WHAT YOU HAVE TO DO
Once you reach the line containing "import ezdxf" in the entries below, write out that line and each one after it down to the line containing "msp = doc.modelspace()", exactly and with nothing added.

RECORDS FOR THIS TASK: Begin

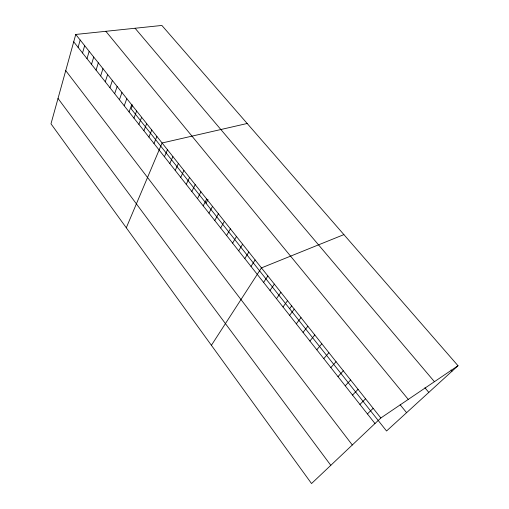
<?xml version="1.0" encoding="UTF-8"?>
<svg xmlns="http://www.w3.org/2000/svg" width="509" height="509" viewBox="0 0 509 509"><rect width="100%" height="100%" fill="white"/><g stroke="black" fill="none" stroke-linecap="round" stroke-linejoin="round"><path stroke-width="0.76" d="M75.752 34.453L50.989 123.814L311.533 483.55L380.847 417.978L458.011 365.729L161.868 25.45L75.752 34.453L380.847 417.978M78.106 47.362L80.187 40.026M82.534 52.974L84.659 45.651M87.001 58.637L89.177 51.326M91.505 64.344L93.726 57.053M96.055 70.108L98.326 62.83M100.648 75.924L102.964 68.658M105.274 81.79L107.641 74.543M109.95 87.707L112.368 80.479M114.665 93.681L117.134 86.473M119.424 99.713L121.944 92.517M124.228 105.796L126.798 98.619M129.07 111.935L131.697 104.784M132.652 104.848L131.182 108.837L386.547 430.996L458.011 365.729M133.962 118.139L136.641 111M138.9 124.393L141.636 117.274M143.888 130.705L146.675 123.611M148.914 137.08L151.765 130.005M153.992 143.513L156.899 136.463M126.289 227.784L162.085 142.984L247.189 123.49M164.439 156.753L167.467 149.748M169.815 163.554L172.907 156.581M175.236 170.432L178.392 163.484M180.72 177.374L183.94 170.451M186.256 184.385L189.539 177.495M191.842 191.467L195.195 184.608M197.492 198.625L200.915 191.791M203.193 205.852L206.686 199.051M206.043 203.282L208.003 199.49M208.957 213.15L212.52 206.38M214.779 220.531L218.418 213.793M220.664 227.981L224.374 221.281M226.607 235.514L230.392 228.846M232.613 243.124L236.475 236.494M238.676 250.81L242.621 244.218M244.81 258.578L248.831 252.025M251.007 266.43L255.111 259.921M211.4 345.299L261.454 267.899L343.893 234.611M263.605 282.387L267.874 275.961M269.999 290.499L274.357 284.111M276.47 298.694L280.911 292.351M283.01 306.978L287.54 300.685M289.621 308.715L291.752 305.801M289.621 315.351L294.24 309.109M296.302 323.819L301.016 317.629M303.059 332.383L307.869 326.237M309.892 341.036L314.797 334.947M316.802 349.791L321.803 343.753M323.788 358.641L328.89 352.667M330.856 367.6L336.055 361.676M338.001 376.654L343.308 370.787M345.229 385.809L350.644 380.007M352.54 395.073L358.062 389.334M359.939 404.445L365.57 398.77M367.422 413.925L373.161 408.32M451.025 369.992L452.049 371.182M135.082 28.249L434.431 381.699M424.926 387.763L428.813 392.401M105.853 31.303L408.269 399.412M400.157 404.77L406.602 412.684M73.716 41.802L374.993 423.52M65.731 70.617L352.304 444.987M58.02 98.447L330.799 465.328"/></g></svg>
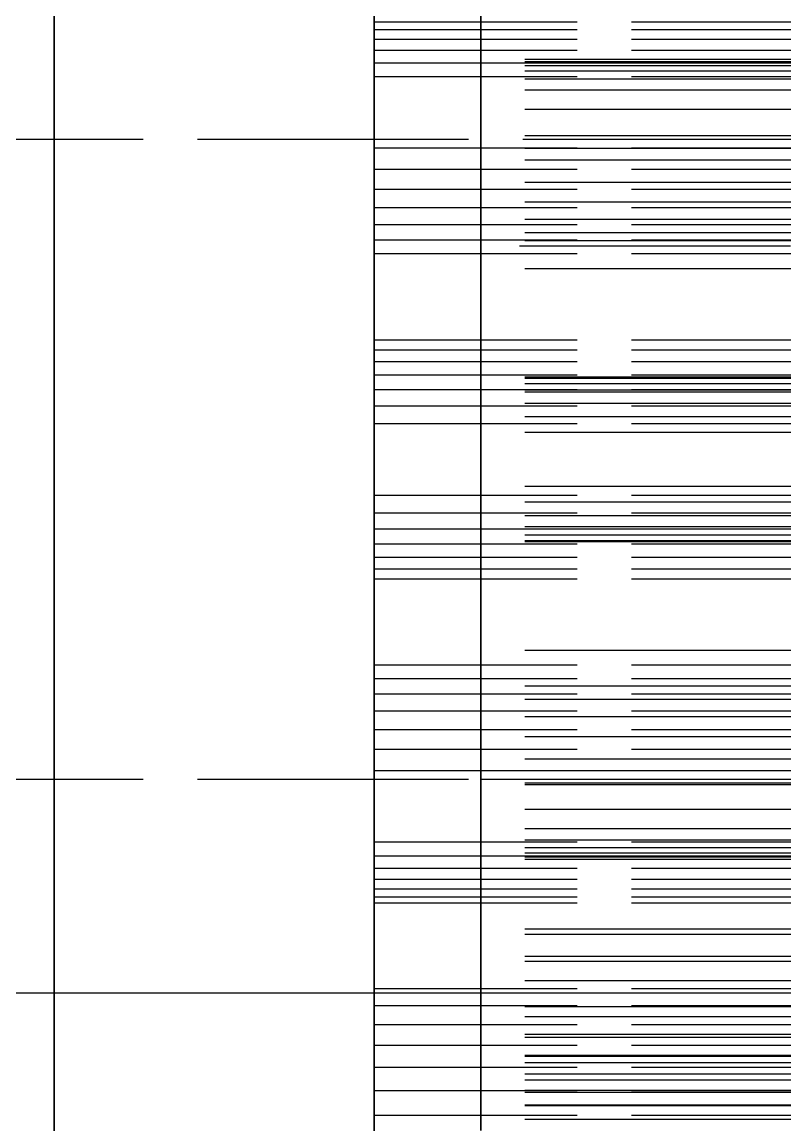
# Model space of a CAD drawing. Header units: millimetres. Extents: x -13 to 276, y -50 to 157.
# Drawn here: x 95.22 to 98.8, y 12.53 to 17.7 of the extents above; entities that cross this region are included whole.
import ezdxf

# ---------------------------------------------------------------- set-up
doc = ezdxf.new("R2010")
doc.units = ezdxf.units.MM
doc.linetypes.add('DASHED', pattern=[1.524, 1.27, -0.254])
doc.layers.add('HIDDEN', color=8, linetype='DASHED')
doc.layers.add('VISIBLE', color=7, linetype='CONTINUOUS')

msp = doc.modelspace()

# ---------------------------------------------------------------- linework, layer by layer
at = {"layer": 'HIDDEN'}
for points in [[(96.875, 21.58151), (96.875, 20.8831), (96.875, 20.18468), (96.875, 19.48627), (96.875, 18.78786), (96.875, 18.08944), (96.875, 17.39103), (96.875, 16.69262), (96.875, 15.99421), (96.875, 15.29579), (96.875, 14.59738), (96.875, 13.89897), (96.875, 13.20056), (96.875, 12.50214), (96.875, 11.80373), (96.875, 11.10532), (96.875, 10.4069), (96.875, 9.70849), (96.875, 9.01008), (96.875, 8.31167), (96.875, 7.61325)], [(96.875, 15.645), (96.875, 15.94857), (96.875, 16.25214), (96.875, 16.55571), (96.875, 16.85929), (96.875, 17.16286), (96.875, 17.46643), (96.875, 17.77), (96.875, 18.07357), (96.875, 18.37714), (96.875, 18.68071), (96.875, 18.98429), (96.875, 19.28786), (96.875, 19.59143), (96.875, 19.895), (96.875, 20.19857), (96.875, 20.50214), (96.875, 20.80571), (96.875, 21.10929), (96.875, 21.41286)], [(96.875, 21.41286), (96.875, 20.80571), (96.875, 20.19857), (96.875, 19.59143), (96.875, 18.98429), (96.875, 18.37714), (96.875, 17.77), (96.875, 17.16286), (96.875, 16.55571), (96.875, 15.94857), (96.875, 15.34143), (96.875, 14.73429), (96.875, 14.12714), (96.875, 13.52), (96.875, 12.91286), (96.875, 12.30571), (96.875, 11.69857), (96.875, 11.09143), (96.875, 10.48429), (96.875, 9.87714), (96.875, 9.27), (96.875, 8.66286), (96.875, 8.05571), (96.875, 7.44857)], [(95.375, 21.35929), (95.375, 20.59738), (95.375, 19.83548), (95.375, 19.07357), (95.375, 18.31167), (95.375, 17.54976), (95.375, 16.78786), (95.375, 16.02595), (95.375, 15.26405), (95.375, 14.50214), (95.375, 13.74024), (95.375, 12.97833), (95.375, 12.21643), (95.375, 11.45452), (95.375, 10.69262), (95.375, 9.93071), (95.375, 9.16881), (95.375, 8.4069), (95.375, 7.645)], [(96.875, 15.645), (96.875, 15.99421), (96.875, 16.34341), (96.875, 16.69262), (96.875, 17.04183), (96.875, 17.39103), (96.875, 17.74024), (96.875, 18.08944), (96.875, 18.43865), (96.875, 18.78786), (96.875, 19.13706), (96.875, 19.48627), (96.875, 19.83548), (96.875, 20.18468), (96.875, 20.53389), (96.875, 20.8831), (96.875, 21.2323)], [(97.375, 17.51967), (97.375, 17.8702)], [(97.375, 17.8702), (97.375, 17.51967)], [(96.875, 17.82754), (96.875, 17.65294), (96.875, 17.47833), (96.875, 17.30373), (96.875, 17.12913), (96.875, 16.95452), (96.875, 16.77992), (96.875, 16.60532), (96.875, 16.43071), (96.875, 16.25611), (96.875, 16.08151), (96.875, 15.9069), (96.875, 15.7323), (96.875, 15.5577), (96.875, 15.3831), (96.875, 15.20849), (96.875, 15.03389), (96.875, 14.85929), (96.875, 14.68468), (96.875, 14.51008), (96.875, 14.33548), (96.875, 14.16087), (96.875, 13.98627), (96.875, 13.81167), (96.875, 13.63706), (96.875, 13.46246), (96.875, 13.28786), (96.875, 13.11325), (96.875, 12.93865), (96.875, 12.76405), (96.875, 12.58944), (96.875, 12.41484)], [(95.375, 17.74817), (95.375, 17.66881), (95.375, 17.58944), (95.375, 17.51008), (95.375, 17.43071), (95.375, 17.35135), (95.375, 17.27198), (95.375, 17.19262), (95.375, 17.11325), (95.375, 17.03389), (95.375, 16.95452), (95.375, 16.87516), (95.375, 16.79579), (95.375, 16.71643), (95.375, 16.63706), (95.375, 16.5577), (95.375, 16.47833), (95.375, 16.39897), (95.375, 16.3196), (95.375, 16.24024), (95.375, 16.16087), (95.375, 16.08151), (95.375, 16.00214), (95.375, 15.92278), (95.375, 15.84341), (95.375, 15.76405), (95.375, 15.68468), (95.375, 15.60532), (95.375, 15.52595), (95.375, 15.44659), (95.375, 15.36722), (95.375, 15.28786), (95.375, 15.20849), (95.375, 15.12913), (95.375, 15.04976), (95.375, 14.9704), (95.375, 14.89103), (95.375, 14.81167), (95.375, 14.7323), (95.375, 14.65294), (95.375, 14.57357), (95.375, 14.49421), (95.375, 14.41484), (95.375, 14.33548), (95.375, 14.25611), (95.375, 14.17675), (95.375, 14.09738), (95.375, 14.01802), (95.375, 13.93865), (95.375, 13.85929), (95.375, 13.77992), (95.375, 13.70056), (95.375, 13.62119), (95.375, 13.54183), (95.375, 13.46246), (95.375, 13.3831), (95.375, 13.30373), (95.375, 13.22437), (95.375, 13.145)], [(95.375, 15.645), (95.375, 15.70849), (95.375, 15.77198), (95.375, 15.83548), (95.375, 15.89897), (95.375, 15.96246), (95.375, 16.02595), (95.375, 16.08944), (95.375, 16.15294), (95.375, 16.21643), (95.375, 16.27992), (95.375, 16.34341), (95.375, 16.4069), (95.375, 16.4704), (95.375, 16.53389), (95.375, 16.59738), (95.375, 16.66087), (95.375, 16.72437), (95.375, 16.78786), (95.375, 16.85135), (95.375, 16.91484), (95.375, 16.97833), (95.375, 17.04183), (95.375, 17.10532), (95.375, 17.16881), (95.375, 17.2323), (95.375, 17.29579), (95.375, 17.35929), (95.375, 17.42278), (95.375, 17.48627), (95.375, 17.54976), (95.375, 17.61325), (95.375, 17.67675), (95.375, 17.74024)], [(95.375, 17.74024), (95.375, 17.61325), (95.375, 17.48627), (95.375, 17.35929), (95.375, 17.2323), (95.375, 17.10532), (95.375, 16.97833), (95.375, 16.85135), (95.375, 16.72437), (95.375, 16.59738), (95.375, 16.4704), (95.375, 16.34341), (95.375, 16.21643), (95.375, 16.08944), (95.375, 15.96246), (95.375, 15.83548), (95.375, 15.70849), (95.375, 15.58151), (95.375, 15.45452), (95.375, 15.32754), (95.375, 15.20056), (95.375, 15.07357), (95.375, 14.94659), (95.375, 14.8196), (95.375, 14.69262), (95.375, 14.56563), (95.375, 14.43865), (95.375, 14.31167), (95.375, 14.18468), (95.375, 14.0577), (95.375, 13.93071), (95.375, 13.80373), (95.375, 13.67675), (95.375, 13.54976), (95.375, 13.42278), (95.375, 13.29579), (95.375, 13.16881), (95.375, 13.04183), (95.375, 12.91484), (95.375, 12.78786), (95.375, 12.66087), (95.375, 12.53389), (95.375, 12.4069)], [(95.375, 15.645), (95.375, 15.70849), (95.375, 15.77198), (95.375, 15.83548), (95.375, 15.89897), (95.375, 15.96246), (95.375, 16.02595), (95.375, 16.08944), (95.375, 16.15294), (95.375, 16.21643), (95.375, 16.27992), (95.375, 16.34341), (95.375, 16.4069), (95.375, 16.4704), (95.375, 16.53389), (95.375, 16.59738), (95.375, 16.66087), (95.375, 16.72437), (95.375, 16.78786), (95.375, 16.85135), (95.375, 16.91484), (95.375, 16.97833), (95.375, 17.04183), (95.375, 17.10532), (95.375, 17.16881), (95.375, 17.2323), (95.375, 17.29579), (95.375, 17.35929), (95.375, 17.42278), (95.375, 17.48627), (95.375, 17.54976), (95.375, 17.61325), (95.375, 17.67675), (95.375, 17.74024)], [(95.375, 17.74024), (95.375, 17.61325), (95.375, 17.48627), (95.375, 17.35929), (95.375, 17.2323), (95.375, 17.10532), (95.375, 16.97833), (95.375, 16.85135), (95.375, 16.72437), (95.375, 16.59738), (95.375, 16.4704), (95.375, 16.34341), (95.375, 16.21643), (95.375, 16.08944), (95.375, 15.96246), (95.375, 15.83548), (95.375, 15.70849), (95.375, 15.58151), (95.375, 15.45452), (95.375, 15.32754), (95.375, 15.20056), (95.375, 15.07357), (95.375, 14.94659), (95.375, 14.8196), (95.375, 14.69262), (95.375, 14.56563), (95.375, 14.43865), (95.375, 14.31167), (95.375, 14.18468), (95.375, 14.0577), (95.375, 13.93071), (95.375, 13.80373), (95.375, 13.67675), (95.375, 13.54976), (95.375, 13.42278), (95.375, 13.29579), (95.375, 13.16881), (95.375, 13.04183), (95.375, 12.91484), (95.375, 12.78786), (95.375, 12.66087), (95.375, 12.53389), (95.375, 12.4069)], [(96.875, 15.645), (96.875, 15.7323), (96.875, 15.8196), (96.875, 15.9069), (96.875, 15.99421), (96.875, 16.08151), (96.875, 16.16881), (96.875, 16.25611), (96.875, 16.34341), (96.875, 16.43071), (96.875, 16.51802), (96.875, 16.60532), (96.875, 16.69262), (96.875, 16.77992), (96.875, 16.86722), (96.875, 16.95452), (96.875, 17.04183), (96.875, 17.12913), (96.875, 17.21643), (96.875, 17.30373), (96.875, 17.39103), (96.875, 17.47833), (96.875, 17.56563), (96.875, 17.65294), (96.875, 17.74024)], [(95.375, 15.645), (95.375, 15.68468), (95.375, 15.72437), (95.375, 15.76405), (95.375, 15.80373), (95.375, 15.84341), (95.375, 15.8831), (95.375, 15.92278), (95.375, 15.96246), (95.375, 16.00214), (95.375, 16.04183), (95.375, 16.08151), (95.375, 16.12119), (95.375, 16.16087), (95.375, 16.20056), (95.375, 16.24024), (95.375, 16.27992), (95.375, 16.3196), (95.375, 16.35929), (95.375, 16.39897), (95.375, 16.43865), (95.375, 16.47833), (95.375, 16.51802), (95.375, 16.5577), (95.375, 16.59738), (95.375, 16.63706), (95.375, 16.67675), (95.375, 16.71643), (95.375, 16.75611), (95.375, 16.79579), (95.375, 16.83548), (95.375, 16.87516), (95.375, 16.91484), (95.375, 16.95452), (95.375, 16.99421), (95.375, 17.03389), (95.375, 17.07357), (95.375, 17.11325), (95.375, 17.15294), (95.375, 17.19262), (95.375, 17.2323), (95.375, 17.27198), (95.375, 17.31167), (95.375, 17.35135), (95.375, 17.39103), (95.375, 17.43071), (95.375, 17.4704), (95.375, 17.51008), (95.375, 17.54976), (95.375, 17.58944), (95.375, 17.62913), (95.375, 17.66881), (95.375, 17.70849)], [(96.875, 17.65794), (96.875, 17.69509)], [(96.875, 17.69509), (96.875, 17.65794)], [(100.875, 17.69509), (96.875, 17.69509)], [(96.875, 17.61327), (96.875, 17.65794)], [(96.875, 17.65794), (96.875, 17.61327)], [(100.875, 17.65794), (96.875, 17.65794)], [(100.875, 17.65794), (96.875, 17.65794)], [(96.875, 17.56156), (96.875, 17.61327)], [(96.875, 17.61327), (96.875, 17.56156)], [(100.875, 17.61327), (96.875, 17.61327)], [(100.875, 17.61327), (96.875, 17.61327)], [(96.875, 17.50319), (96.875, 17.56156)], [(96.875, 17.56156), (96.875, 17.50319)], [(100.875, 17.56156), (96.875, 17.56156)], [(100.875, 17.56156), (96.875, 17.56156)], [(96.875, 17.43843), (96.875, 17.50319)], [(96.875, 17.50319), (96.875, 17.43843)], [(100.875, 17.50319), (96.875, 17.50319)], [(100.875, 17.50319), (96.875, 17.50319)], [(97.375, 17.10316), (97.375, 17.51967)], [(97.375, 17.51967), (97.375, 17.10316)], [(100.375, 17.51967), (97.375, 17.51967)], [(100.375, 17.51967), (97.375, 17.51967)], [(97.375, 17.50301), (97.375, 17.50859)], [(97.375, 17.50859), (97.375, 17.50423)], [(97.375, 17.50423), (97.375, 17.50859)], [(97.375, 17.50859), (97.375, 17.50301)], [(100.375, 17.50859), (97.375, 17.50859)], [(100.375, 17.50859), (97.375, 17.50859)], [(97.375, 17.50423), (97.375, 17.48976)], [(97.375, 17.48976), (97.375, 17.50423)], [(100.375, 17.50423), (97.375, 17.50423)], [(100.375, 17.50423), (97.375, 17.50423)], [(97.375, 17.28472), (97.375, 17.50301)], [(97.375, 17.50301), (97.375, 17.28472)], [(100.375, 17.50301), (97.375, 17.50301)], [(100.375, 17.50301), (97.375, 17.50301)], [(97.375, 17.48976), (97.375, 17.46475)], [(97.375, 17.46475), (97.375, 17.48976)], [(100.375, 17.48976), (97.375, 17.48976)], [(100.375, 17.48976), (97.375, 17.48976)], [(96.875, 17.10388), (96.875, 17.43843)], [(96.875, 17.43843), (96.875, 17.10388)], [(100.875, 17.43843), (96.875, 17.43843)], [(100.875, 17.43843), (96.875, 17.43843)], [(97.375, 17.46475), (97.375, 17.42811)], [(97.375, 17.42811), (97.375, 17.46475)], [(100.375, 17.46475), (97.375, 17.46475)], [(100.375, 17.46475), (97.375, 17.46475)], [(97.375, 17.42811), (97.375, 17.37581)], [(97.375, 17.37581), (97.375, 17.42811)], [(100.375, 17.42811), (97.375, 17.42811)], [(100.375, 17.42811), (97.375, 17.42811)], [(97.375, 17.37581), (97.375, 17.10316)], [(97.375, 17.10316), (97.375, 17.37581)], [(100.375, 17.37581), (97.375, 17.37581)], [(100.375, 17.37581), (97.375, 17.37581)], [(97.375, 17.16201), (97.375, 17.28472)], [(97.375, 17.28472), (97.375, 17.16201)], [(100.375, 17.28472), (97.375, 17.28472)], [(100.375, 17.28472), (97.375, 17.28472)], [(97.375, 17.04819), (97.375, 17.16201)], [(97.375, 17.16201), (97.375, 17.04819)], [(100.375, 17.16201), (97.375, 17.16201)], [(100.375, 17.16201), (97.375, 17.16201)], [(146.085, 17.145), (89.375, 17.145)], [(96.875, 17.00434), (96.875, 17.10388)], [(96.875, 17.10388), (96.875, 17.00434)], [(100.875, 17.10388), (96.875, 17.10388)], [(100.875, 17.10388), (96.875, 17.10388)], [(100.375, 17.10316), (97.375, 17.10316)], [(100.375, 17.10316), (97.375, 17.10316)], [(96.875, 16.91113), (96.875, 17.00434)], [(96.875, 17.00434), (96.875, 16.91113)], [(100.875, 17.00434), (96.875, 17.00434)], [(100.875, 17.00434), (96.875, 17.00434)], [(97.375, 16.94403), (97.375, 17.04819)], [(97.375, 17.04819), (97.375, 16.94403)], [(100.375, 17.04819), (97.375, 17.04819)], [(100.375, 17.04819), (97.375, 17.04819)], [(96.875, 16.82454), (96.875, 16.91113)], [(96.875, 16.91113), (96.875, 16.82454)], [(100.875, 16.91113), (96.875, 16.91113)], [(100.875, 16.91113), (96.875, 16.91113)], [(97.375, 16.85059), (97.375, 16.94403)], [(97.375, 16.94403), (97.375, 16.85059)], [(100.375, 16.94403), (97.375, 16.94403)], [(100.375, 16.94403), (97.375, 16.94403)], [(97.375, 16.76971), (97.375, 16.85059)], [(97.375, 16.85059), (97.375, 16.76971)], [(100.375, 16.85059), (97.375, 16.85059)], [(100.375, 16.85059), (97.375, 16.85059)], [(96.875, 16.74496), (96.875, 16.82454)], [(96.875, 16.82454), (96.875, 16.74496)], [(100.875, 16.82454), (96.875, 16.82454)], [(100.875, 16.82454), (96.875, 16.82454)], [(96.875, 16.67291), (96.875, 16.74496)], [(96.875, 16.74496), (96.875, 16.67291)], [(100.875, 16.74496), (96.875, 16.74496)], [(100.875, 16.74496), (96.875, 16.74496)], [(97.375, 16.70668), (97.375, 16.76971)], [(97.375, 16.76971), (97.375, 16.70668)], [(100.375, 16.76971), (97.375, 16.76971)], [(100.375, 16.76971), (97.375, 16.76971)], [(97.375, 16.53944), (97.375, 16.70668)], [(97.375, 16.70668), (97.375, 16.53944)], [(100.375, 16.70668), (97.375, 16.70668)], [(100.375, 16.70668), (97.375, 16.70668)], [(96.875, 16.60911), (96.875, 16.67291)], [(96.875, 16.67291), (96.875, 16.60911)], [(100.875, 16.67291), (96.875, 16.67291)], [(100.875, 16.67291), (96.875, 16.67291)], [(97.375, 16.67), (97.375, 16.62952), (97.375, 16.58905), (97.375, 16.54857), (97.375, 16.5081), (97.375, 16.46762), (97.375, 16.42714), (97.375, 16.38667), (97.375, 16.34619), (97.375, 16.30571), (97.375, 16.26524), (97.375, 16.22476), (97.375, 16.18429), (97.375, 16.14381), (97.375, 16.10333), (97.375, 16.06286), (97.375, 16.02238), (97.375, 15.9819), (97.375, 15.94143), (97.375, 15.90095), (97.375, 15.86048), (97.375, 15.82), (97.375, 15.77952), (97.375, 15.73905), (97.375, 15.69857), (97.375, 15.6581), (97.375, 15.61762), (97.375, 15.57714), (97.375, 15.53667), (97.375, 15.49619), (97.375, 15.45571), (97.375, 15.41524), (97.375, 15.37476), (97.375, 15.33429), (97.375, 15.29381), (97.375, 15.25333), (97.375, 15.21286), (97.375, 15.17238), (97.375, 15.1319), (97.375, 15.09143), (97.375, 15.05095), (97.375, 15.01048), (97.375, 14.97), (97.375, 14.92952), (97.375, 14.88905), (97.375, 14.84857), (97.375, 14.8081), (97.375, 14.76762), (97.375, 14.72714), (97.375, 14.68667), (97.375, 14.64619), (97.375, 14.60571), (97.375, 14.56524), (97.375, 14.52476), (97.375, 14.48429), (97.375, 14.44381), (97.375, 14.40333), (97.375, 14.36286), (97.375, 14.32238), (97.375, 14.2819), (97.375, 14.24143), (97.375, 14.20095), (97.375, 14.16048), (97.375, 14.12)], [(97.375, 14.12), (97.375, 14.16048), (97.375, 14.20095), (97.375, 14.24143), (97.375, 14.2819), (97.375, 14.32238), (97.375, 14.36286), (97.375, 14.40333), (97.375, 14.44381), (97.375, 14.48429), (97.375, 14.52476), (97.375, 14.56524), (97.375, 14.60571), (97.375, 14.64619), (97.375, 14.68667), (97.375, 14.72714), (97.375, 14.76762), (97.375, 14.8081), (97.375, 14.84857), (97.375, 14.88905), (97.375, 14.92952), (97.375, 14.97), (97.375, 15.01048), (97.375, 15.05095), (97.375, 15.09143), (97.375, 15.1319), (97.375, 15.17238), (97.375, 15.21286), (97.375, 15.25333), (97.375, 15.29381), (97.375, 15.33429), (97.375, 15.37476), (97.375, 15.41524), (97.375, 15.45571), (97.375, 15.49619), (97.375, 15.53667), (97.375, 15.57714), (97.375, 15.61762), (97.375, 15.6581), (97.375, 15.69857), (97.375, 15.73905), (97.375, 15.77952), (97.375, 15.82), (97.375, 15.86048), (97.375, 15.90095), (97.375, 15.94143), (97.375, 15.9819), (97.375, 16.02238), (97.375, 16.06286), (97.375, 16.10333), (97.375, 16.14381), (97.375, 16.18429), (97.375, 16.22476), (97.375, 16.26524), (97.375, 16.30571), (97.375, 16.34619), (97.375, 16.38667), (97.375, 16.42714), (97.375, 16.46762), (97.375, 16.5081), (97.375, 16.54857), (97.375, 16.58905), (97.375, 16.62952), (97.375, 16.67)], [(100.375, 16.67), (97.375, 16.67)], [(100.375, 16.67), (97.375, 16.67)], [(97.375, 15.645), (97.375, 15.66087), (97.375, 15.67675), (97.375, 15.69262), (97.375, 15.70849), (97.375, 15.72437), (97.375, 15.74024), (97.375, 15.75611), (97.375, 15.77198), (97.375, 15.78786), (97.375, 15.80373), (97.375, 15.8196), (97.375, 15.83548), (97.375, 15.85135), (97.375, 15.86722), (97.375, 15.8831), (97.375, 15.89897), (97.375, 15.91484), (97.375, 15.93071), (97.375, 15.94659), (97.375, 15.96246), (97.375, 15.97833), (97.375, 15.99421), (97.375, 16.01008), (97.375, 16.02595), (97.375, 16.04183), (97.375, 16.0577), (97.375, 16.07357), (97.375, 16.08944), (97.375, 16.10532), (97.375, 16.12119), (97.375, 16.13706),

RECORDS FOR THIS TASK: End

ANSWER TO THE EXERCISE
import ezdxf

# ---------------------------------------------------------------- set-up
doc = ezdxf.new("R2010")
doc.units = ezdxf.units.MM
doc.linetypes.add('DASHED', pattern=[1.524, 1.27, -0.254])
doc.layers.add('HIDDEN', color=8, linetype='DASHED')
doc.layers.add('VISIBLE', color=7, linetype='CONTINUOUS')

msp = doc.modelspace()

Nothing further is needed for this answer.